Dallas center takes family approach to helping low birth weight babies
Submitted on April 19, 2007 - 5:20pm. Michaela Jackson - Spring 2007
Monica Ramos' voice quivers when she talks about her daughter's birth, five weeks premature, two years ago in Dallas. Little Mariela weighed just 2 pounds. Doctors were unable to explain her prematurity.
"It's very difficult to talk about it," said Ramos, 25. "It's very difficult to remember about how the baby was born and my feelings. It was very hard."
Through a friend who also had a premature baby, Ramos heard about a program that could help her daughter grow and provide support for her as a mother.
The Low Birth Weight Development Center in Dallas is a unique program that reaches out to mothers like Ramos when their babies are still in the neonatal intensive care unit at Parkland Memorial Hospital. It follows up with home visits, offering developmental services to both parents and children. While most major cities have low birth weight health clinics, the director of the Dallas center said he knew of none like his that included help for both babies and parents.
Infants and toddlers are cared for six hours a day in a nursery, working toward individual development goals.
"Because each preemie is different, we can't generalize," said Lucy Toye, director of the day care center.
The children also participate in normal childhood activities such as Easter egg hunts and morning snack time. This helps to keep them from feeling isolated, Toye said.
While their children are learning, mothers receive instruction in English, job skills, computer literacy and GED preparation. Evening support groups are also available for fathers, who discuss domestic violence and father-child relationships.
"We're very strong on literacy - family literacy, in particular," said Rick Davis, the center's director. "We read to the children every day, we encourage their parents to read to them every day.
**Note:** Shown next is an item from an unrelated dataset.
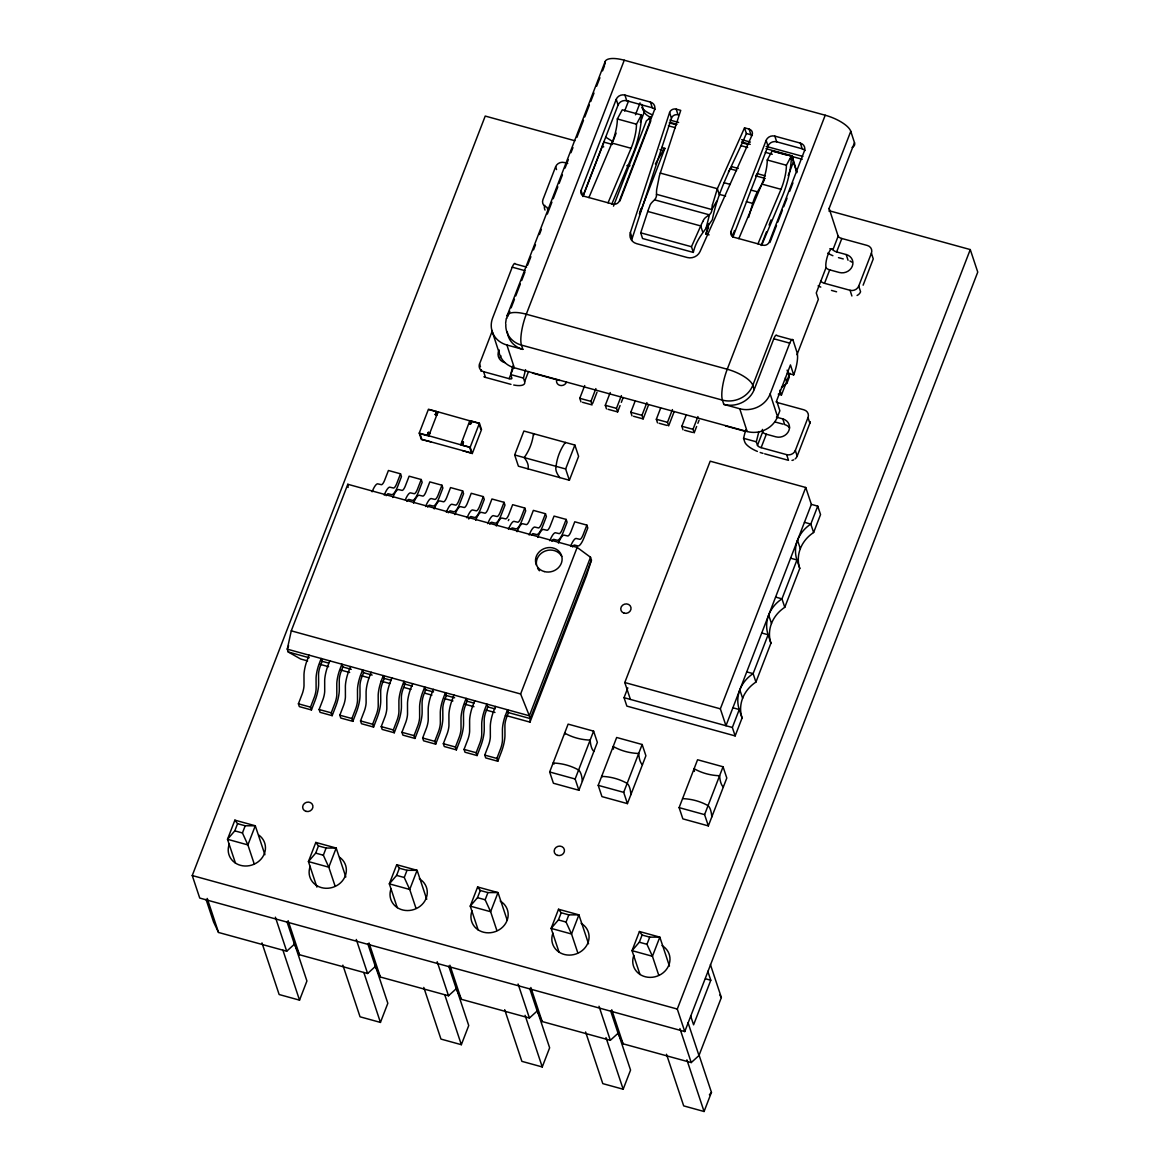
<?xml version="1.0" encoding="UTF-8"?>
<svg xmlns="http://www.w3.org/2000/svg" width="1170" height="1170" viewBox="0 0 1170 1170"><rect width="100%" height="100%" fill="white"/><g stroke="black" fill="none" stroke-linecap="round" stroke-linejoin="round"><path stroke-width="1.5" d="M656.458 194.395C657.16 200.216 650.462 201.386 649.511 206.724A20.592 5.075 -77.2 0 0 647.741 211.521L640.721 232.83L642.564 238.519L693.313 252.413C696.472 238.607 705.305 230.168 712.369 219.697C718.204 189.145 734.19 162.016 746.387 133.526L744.529 127.837L749.092 129.08A5.133 4.622 -18 0 1 752.047 135.106L700.026 251.608A10.267 9.228 -18 0 1 687.185 257.502L636.641 243.667A10.267 9.228 -18 0 1 630.367 232.537L669.591 112.525A5.133 4.622 -18 0 1 676.187 109.132L680.735 110.375L659.412 175.749L656.662 189.569A20.577 5.821 -76.5 0 0 656.516 194.308L711.828 209.547L716.786 201.181M505.63 323.198L506.288 318.386M505.469 715.382L529.981 722.124L530.288 718.599L591.45 560.064L590.514 557.256L577.161 547.414L347.812 484.278L291.272 630.849L287.279 649.16L288.215 651.968L300.631 659.002L307.637 660.933M711.828 209.547C712.077 215.865 704.413 215.675 702.995 221.364M712.457 204.838L717.356 188.706L744.529 127.837M492.219 331.095L479.539 363.972A6.844 6.157 -18 0 0 483.619 371.694L509.14 378.685A3.422 1.214 21.1 0 0 511.86 378.129L510.705 374.575L512.826 366.034M513.718 385.018A17.111 6.04 21.1 0 0 524.628 381.625L523.458 378.071L525.564 369.661M757.385 451.43A17.111 6.04 21.1 0 1 744.72 441.88L743.564 438.311L745.656 429.902M776.032 401.807A3.422 1.214 21.1 0 0 778.416 402.846L803.936 409.822A6.844 6.157 -18 0 1 808.017 417.544L795.337 450.421A6.844 6.157 -18 0 1 786.649 454.647L761.129 447.657A3.422 1.214 21.1 0 1 757.473 445.36L756.317 441.807L758.877 431.569M706.08 228.106L709.444 214.856L654.673 199.865M639.434 213.934L640.955 208.684M709.093 234.892L705.905 234.015L708.961 223.528M732.961 235.755L734.482 230.519M748.639 217.401L752.719 203.405A18.822 4.855 -74.7 0 1 757.429 191.851L764.405 179.961M591.45 560.064L586.521 575.552L529.981 722.124M631.815 240.245A10.267 9.228 -18 0 1 632.224 238.227L671.448 118.214L669.591 112.525M829.676 210.878L970.266 249.576L977.754 272.098L684.772 1031.574L199.734 898.063L192.246 875.54L485.228 116.064L574.85 140.736M288.595 645.738L287.279 649.16L529.352 715.791L530.288 718.599L507.414 712.311M264.917 854.714L255.279 825.771L234.892 820.155L227.506 839.299L235.448 863.138M254.124 863.65L247.894 844.915L227.506 839.299L234.79 830.861L237.554 823.68L234.892 820.155M309.099 655.156L306.803 661.138A14.669 3.788 -74.6 0 0 303.981 674.549L304.01 685.635A8.804 2.281 -74.6 0 1 302.313 693.678L298.408 703.813L299.344 706.621L311.454 709.956L315.066 700.611A15.649 4.051 -74.6 0 0 318.62 683.763L318.547 674.403A7.824 2.018 -74.6 0 1 320.331 665.979L322.13 661.313L321.194 658.491L318.913 664.472A14.669 3.788 -74.6 0 0 316.075 677.883L316.105 688.969A8.804 2.281 -74.6 0 1 314.408 696.998L310.518 707.148L311.454 709.956M242.439 832.952L245.203 825.786L255.279 825.771L247.894 844.915L242.439 832.952L234.79 830.861M372.118 491.795L372.557 490.698A14.669 3.788 -74.6 0 1 377.559 483.81L381.508 484.716A8.804 2.281 -74.6 0 0 384.506 480.577L388.425 470.486L400.52 473.821L396.615 483.912A8.804 2.281 -74.6 0 1 393.617 488.051L389.668 487.144A14.669 3.788 -74.6 0 0 384.667 494.032L384.213 495.129M329.794 660.86L327.512 666.841A14.669 3.788 -74.6 0 0 324.675 680.253L324.704 691.324A8.804 2.281 -74.6 0 1 323.008 699.367L319.117 709.503L320.053 712.325L332.163 715.66L335.761 706.314A15.649 4.051 -74.6 0 0 339.315 689.466L339.256 680.106A7.824 2.018 -74.6 0 1 341.04 671.682L342.839 667.002L341.903 664.194L339.607 670.176A14.669 3.788 -74.6 0 0 336.784 683.587L336.814 694.658A8.804 2.281 -74.6 0 1 335.117 702.702L331.227 712.837L332.163 715.66M430.794 441.836L421.332 439.481L419.226 433.149L428.454 409.222L436.41 411.416L435.357 414.692L436.41 411.416M428.337 432.359L427.182 435.342L428.337 432.359L429.931 432.798L428.863 436.059L419.957 433.617L421.873 439.379L471.554 453.053L469.638 447.291L428.776 435.781L438.004 411.855L478.866 423.365L480.797 429.127M438.004 411.855L436.951 415.131L435.255 414.414M392.813 497.499L393.266 496.402A14.669 3.788 -74.6 0 1 398.268 489.513L402.217 490.42A8.804 2.281 -74.6 0 0 405.215 486.281L409.12 476.19L421.229 479.524L417.324 489.616A8.804 2.281 -74.6 0 1 414.326 493.74L410.363 492.833A14.669 3.788 -74.6 0 0 405.361 499.722M350.503 666.564L348.221 672.545A14.669 3.788 -74.6 0 0 345.384 685.956L345.413 697.028A8.804 2.281 -74.6 0 1 343.717 705.071L339.827 715.206L340.762 718.029L352.857 721.349L356.47 712.003A15.649 4.051 -74.6 0 0 360.024 695.155L359.965 685.795A7.824 2.018 -74.6 0 1 361.735 677.386L363.548 672.706L362.612 669.884L360.316 675.865A14.669 3.788 -74.6 0 0 357.493 689.276L357.523 700.362A8.804 2.281 -74.6 0 1 355.826 708.406L351.921 718.541L352.857 721.349M526.632 267.096L515.458 264.04A6.844 1.77 -74.7 0 0 512.226 267.169L492.643 317.977A23.956 21.543 -18 0 0 506.902 345.004L514.303 367.775L747.162 431.525A23.956 21.543 -18 0 0 777.553 416.71L779.863 410.743L776.617 400.784L790.452 364.923L793.699 374.883L787.322 373.142M567.713 163.449L564.306 162.528A6.844 6.157 -18 0 0 555.618 166.754L542.938 199.617A6.844 6.157 -18 0 0 547.019 207.339L547.94 210.19M507.195 315.505L605.168 61.513M413.522 503.202L413.961 502.091A14.669 3.788 -74.6 0 1 418.962 495.202L422.926 496.109A8.804 2.281 -74.6 0 0 425.924 491.985L429.829 481.894L441.938 485.228L438.033 495.32A8.804 2.281 -74.6 0 1 435.021 499.444L431.072 498.537A14.669 3.788 -74.6 0 0 426.07 505.425L425.631 506.537M507.853 316.368L509.827 311.249M511.144 307.842L514.434 299.315M515.751 295.908L520.343 283.974M521.659 280.566L524.95 272.04M527.582 265.224L530.873 256.698M533.505 249.883L535.48 244.764M539.414 234.541L541.388 229.422M547.311 214.081L551.918 202.147M553.22 198.739L557.827 186.805M559.143 183.398L562.434 174.871M565.066 168.056L568.357 159.529M570.975 152.714L572.949 147.61M576.898 137.373L583.479 120.334M584.795 116.912L589.387 104.993M590.704 101.571L593.994 93.059M596.627 86.229L599.917 77.717M602.55 70.887L604.51 65.783M371.212 672.253L368.916 678.234A14.669 3.788 -74.6 0 0 366.093 691.645L366.122 702.731A8.804 2.281 -74.6 0 1 364.426 710.775L360.521 720.91L361.471 723.718L373.566 727.053L377.179 717.707A15.649 4.051 -74.6 0 0 380.733 700.859L380.674 691.499A7.824 2.018 -74.6 0 1 382.444 683.075L384.243 678.41L383.307 675.587L381.025 681.569A14.669 3.788 -74.6 0 0 378.188 694.98L378.232 706.066A8.804 2.281 -74.6 0 1 376.521 714.109L372.63 724.245L373.566 727.053M460.717 444.834L469.857 420.615M462.223 444.995L463.378 441.997L461.784 441.558L463.466 442.275L462.311 445.273L470.179 447.189L472.285 453.521L462.647 450.611M470.296 424.052C466.318 423.394 472.943 425.485 471.452 421.054L479.422 423.247L481.528 429.58L472.285 453.521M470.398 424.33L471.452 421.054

"We realize in order for parents to provide for all of the needs of these vulnerable toddlers and infants, they're going to need to be able to find gainful employment and be able to provide," he said. "Whether it's job skills training or GED preparation, we want to help them optimize their outcomes."
Ramos said that, during her time in the three-year program, she's learned English, as well as basic health and life skills. She said she's also seen a change in her daughter.
"She learns a lot, she's more active, she's more friendly, also. It's very good for her and for me," Ramos said.
Ramos has also formed relationships with other mothers in the program, something program staff members said is not uncommon. The clinic provides transportation to and from mass transit stations, but many of the mothers have organized carpools, Davis said.
A central goal of the program is to prevent mothers from having a second low birth weight child.
"I think we have to educate these young teenagers on exactly what the risk factors are. ... We have to preach abstinence, I think, number one, but if that doesn't work, we've got to be able to educate them in terms of what the risk factors are and make certain that they understand that," Davis said.
Those risk factors, Davis said, include race, socioeconomic level, smoking, abuse of over-the-counter drugs, sexually transmitted diseases, a lack of prenatal vitamins and a failure to visit with the physician during pregnancy.
Davis said he is proud to be involved in the clinic's work and believes it has made a great difference since it was established in 1992. In 14 years, he said, there is no story more compelling than the others.
"We find that a lot of our mothers are depressed, that they have family or domestic violence issues, that they don't have the attachment to their babies that they should, and so we get an opportunity to impact those things," he said.
Toye, the program's day care director, found herself involved in the cause partly for personal reasons. Her 13-year-old son was 6 pounds 11 ounces and was born at 35 weeks. He didn't have the ability to suck - it would take him two hours to nurse 10 minutes worth of milk. He quickly lost weight, and remains small for his age.
Toye herself weighed just 4 pounds when she was born in 1963. The center would have made a vast difference in her son's young life and in her own life as a mother, she said.
"The support would have been wonderful because I felt very isolated," she said.
"He had respiratory issues, and I was doing breathing treatments around the clock every four hours, so I was also very much sleep deprived, between feeding and breathing. I did that for 36 to 48 months."
A critical part of the program's mission, Toye said, is preparing parents to handle the stress of a special needs child.
"We're also teaching the parents how to handle the crisis," she said.
"If it becomes a long-term situation like it is with my son, it's just the way life is and you go on, and you can become - like he is - a regular teenager, with orchestra and choir and doing everything else seventh graders are supposed to be doing," Toye said. "My goal is to see all these kids become regular seventh graders."